§ PROBLEM TO SOLVE: Starting with the line that contains "DT_CAN3_SG_CCU1/1 -> [DT_CAN3_SG_CCU1]" and stopping after the line that contains "BitwiseAND3/1 -> [Byte_6_CAN3_DCDCAuxVolt]", return each line below exactly as written, with no others.
[SUPPLIED MATERIAL Boundary: Start]
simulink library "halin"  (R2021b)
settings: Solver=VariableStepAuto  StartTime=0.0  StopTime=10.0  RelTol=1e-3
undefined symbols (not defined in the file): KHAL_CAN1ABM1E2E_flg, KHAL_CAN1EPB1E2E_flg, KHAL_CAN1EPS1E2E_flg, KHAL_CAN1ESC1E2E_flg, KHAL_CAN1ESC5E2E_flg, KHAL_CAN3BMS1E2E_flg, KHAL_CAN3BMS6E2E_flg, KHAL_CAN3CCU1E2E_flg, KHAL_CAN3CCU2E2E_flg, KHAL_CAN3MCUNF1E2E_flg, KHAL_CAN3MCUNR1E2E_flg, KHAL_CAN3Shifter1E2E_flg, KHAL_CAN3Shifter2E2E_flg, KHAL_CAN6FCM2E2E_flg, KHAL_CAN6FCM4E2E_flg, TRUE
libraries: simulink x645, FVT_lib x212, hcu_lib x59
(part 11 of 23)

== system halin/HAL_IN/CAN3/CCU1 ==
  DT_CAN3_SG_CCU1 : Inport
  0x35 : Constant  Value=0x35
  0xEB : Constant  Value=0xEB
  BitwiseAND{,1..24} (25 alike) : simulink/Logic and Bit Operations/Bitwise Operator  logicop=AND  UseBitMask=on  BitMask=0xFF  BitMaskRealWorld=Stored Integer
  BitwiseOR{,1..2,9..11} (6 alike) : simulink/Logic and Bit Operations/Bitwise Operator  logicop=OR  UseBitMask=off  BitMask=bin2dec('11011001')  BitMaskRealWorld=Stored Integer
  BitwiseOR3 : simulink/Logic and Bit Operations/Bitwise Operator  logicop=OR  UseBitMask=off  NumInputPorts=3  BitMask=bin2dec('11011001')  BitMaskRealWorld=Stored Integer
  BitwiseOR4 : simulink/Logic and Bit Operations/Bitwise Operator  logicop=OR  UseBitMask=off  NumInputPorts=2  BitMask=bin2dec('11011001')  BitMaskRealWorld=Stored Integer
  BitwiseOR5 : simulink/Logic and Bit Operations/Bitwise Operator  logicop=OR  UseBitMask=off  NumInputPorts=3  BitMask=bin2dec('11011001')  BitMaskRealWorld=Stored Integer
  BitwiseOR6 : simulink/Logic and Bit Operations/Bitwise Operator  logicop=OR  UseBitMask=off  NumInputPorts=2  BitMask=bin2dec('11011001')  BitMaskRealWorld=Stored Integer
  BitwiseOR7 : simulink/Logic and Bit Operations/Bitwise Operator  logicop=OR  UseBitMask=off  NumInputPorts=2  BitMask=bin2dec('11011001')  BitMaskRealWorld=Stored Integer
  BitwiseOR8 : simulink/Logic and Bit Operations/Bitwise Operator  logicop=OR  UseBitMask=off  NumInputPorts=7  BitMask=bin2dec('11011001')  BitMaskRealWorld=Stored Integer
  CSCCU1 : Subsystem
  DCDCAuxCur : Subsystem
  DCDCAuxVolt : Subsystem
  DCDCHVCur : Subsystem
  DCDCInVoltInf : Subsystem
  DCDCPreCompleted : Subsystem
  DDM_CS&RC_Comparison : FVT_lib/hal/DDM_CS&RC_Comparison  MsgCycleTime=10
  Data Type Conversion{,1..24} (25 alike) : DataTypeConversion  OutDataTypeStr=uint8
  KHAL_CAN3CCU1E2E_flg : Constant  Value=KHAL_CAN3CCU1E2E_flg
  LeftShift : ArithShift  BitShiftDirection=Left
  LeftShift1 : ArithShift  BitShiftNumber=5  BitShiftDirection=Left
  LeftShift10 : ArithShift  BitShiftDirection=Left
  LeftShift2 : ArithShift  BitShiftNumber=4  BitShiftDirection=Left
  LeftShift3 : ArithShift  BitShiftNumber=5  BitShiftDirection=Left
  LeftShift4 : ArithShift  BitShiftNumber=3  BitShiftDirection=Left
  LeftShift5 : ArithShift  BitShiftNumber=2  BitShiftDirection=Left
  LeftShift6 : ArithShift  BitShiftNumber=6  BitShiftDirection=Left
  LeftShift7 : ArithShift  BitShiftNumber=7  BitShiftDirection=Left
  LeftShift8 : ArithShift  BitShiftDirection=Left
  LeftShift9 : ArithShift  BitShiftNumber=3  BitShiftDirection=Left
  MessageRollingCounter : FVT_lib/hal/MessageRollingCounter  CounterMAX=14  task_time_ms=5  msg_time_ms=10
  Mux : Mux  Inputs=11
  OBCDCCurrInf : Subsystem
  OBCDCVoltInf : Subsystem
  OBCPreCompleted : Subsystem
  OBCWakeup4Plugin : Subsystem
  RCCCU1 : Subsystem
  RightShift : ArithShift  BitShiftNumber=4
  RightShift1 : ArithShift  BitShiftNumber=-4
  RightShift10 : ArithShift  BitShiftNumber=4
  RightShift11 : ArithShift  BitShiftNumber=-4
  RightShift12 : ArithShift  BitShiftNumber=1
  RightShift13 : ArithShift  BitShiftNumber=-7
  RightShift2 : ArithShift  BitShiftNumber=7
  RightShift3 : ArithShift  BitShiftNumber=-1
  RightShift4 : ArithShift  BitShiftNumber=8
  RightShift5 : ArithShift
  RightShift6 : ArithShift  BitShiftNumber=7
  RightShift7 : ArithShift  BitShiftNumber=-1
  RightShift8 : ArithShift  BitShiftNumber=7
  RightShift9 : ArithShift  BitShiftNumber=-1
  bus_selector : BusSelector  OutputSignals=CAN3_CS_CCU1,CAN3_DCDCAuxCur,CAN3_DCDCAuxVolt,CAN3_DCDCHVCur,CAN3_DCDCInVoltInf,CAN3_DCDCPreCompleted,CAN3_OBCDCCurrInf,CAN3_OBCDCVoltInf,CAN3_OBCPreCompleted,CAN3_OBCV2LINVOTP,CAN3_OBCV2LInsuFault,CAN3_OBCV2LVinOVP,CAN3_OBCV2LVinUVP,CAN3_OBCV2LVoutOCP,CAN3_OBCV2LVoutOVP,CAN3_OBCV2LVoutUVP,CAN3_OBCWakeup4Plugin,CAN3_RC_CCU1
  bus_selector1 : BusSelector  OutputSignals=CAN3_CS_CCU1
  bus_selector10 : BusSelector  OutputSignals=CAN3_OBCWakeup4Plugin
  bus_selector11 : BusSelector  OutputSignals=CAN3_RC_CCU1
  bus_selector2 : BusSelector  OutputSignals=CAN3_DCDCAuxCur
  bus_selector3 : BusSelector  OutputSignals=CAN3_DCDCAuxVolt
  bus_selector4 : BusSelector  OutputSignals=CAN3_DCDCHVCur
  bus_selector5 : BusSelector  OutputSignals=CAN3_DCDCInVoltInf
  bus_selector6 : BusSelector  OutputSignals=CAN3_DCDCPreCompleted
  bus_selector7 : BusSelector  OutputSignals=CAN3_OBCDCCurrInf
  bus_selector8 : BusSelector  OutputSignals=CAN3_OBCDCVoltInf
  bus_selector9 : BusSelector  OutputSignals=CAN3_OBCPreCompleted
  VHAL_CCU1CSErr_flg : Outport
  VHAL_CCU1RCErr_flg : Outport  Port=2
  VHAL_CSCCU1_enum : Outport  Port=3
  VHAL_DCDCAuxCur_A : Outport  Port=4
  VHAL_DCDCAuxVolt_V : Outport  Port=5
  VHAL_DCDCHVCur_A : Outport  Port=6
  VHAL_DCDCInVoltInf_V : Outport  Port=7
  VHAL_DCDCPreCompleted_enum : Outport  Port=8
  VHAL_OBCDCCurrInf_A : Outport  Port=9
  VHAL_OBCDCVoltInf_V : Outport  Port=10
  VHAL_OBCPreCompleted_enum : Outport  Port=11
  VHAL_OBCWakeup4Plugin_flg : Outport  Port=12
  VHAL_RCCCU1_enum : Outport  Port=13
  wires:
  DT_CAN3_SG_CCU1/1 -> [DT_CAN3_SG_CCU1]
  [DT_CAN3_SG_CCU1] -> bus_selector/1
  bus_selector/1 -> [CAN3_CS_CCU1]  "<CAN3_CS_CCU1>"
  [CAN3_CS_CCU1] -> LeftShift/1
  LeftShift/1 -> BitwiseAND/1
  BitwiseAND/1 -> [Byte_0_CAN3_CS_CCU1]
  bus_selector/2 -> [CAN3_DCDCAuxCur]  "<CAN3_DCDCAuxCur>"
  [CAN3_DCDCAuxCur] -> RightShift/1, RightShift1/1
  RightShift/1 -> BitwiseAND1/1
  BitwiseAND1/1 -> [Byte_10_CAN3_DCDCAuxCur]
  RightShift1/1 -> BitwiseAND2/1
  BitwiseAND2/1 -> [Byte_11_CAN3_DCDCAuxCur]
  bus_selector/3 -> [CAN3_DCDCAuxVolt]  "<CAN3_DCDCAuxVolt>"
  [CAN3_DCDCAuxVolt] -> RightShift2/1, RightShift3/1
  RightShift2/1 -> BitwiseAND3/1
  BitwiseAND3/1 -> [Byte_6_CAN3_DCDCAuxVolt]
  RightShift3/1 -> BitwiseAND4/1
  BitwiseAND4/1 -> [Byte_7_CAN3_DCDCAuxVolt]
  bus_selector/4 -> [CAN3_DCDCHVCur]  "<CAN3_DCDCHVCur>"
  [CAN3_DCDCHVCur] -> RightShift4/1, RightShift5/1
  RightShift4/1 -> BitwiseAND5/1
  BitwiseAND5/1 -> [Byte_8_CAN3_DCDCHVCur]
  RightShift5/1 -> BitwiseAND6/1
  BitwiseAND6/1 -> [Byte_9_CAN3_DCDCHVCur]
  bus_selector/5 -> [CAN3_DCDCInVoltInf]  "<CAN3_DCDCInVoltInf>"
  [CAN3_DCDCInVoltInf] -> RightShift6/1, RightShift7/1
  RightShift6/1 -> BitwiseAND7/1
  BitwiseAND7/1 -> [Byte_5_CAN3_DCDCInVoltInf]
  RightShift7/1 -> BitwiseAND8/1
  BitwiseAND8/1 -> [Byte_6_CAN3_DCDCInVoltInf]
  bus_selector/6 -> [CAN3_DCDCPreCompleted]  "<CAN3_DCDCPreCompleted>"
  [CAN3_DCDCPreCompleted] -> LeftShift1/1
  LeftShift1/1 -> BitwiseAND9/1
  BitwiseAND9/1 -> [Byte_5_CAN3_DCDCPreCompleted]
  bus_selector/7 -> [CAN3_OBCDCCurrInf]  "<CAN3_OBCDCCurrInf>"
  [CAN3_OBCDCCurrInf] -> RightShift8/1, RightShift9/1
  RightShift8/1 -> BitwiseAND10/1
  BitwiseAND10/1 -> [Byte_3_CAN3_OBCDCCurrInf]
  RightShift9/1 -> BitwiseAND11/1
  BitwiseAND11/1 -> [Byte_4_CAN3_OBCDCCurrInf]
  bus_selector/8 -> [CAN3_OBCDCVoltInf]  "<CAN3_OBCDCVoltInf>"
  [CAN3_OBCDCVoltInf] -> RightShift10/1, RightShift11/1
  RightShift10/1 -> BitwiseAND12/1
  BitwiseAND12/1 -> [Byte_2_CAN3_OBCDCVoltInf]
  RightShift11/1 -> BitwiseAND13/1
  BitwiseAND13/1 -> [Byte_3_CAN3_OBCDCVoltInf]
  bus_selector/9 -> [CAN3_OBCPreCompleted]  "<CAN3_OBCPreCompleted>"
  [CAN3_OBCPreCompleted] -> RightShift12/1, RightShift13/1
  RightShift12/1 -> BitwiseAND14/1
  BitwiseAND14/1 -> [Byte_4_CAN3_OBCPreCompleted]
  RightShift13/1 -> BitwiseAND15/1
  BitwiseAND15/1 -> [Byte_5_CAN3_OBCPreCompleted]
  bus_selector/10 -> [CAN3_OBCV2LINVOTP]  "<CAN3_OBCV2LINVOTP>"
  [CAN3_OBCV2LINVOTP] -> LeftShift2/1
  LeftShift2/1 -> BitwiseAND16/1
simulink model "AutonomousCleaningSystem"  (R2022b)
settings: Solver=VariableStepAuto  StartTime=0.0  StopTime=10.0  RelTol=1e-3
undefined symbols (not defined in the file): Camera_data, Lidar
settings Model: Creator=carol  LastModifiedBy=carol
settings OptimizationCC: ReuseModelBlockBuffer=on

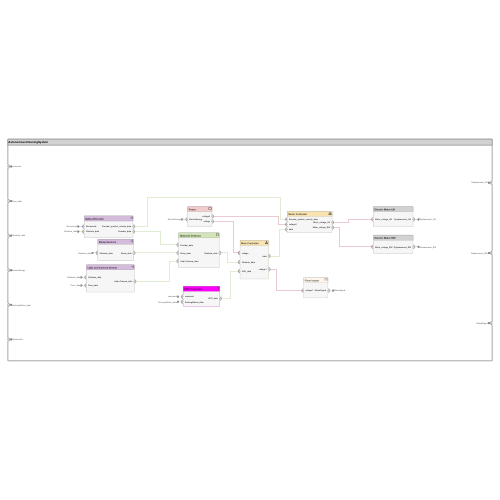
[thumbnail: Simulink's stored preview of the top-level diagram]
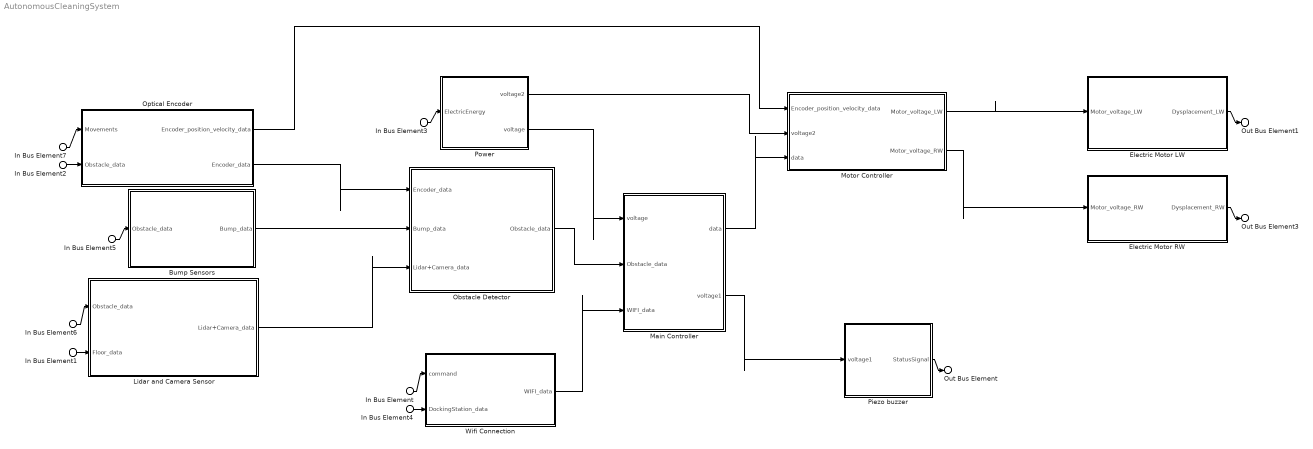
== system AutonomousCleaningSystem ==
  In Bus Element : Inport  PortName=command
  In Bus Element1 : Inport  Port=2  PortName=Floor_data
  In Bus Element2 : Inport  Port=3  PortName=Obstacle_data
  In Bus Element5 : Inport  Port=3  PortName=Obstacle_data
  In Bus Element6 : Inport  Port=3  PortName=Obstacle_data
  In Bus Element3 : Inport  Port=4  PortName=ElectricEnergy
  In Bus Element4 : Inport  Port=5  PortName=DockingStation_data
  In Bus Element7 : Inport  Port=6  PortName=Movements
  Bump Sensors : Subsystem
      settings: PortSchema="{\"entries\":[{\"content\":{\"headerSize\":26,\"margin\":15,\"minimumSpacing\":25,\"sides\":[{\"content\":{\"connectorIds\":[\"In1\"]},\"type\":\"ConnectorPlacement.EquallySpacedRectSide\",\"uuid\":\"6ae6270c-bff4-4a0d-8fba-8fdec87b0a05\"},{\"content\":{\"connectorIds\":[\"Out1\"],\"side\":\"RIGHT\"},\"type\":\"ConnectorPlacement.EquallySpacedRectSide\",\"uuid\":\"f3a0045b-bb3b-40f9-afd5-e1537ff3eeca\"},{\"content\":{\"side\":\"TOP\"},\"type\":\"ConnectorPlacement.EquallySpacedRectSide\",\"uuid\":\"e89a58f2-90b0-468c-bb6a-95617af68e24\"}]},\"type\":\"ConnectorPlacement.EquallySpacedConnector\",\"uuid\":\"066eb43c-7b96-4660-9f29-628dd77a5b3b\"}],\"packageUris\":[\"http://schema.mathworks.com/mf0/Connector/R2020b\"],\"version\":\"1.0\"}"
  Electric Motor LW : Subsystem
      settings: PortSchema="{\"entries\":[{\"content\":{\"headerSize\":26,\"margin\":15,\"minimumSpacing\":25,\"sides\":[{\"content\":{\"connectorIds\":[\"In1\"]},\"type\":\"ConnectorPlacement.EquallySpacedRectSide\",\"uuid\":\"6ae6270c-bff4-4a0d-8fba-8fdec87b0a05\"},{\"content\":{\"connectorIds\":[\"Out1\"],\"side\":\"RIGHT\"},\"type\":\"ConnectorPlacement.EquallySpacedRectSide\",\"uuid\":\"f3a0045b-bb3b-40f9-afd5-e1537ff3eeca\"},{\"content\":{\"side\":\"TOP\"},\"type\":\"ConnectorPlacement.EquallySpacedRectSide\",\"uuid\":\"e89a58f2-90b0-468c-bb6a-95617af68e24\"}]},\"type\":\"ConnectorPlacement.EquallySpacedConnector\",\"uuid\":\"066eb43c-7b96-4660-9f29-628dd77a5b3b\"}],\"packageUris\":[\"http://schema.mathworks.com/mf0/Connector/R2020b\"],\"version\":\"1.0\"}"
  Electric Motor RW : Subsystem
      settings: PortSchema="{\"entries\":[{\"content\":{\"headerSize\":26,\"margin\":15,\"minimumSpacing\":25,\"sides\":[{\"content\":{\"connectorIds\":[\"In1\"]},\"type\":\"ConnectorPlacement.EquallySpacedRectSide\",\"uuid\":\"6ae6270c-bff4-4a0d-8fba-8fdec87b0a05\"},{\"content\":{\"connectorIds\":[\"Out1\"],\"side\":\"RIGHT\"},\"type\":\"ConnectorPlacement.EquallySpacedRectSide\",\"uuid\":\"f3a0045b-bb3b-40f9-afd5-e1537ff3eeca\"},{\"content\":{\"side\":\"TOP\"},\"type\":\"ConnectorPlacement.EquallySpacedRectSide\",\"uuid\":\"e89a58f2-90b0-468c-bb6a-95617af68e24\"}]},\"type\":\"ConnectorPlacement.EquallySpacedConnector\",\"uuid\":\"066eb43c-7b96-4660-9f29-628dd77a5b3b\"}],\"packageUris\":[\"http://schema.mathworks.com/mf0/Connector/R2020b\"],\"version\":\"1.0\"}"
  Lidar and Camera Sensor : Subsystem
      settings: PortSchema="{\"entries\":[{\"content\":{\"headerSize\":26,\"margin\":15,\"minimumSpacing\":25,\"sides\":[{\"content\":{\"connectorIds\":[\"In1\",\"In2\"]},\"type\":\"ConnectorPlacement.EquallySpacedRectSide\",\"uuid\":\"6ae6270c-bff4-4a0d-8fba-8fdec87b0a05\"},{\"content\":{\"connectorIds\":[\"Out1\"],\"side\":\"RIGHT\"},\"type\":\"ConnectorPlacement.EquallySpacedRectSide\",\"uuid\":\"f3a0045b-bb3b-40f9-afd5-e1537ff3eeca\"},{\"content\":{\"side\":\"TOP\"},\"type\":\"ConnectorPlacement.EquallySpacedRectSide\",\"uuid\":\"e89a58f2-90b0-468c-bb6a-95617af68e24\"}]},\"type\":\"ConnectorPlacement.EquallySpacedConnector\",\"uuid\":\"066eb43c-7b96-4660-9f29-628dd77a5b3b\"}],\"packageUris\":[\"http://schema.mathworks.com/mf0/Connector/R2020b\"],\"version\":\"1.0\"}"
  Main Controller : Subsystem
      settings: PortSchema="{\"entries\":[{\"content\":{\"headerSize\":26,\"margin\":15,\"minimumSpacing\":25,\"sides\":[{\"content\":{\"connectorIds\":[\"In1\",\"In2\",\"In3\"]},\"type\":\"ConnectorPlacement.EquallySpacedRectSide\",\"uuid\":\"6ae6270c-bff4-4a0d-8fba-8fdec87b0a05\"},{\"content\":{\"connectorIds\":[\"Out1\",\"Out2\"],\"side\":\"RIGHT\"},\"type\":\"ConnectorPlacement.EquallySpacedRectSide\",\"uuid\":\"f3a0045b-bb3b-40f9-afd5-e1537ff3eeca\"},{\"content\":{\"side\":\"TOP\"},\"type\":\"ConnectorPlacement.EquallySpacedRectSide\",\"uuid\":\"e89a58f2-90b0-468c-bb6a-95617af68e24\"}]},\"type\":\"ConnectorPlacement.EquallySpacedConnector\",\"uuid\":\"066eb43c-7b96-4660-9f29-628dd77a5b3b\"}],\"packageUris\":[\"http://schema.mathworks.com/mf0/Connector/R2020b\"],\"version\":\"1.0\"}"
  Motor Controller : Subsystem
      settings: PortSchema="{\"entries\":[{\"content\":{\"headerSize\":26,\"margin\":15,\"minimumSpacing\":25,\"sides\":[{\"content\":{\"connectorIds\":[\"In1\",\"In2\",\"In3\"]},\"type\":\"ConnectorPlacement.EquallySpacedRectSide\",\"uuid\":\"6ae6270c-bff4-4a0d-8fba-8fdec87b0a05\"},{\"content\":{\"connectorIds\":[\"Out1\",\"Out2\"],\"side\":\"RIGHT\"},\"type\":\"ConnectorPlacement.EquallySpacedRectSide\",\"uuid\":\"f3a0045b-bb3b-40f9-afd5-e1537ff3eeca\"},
[SUPPLIED MATERIAL Boundary: End]
§ ANSWER SECTION:
  DT_CAN3_SG_CCU1/1 -> [DT_CAN3_SG_CCU1]
  [DT_CAN3_SG_CCU1] -> bus_selector/1
  bus_selector/1 -> [CAN3_CS_CCU1]  "<CAN3_CS_CCU1>"
  [CAN3_CS_CCU1] -> LeftShift/1
  LeftShift/1 -> BitwiseAND/1
  BitwiseAND/1 -> [Byte_0_CAN3_CS_CCU1]
  bus_selector/2 -> [CAN3_DCDCAuxCur]  "<CAN3_DCDCAuxCur>"
  [CAN3_DCDCAuxCur] -> RightShift/1, RightShift1/1
  RightShift/1 -> BitwiseAND1/1
  BitwiseAND1/1 -> [Byte_10_CAN3_DCDCAuxCur]
  RightShift1/1 -> BitwiseAND2/1
  BitwiseAND2/1 -> [Byte_11_CAN3_DCDCAuxCur]
  bus_selector/3 -> [CAN3_DCDCAuxVolt]  "<CAN3_DCDCAuxVolt>"
  [CAN3_DCDCAuxVolt] -> RightShift2/1, RightShift3/1
  RightShift2/1 -> BitwiseAND3/1
  BitwiseAND3/1 -> [Byte_6_CAN3_DCDCAuxVolt]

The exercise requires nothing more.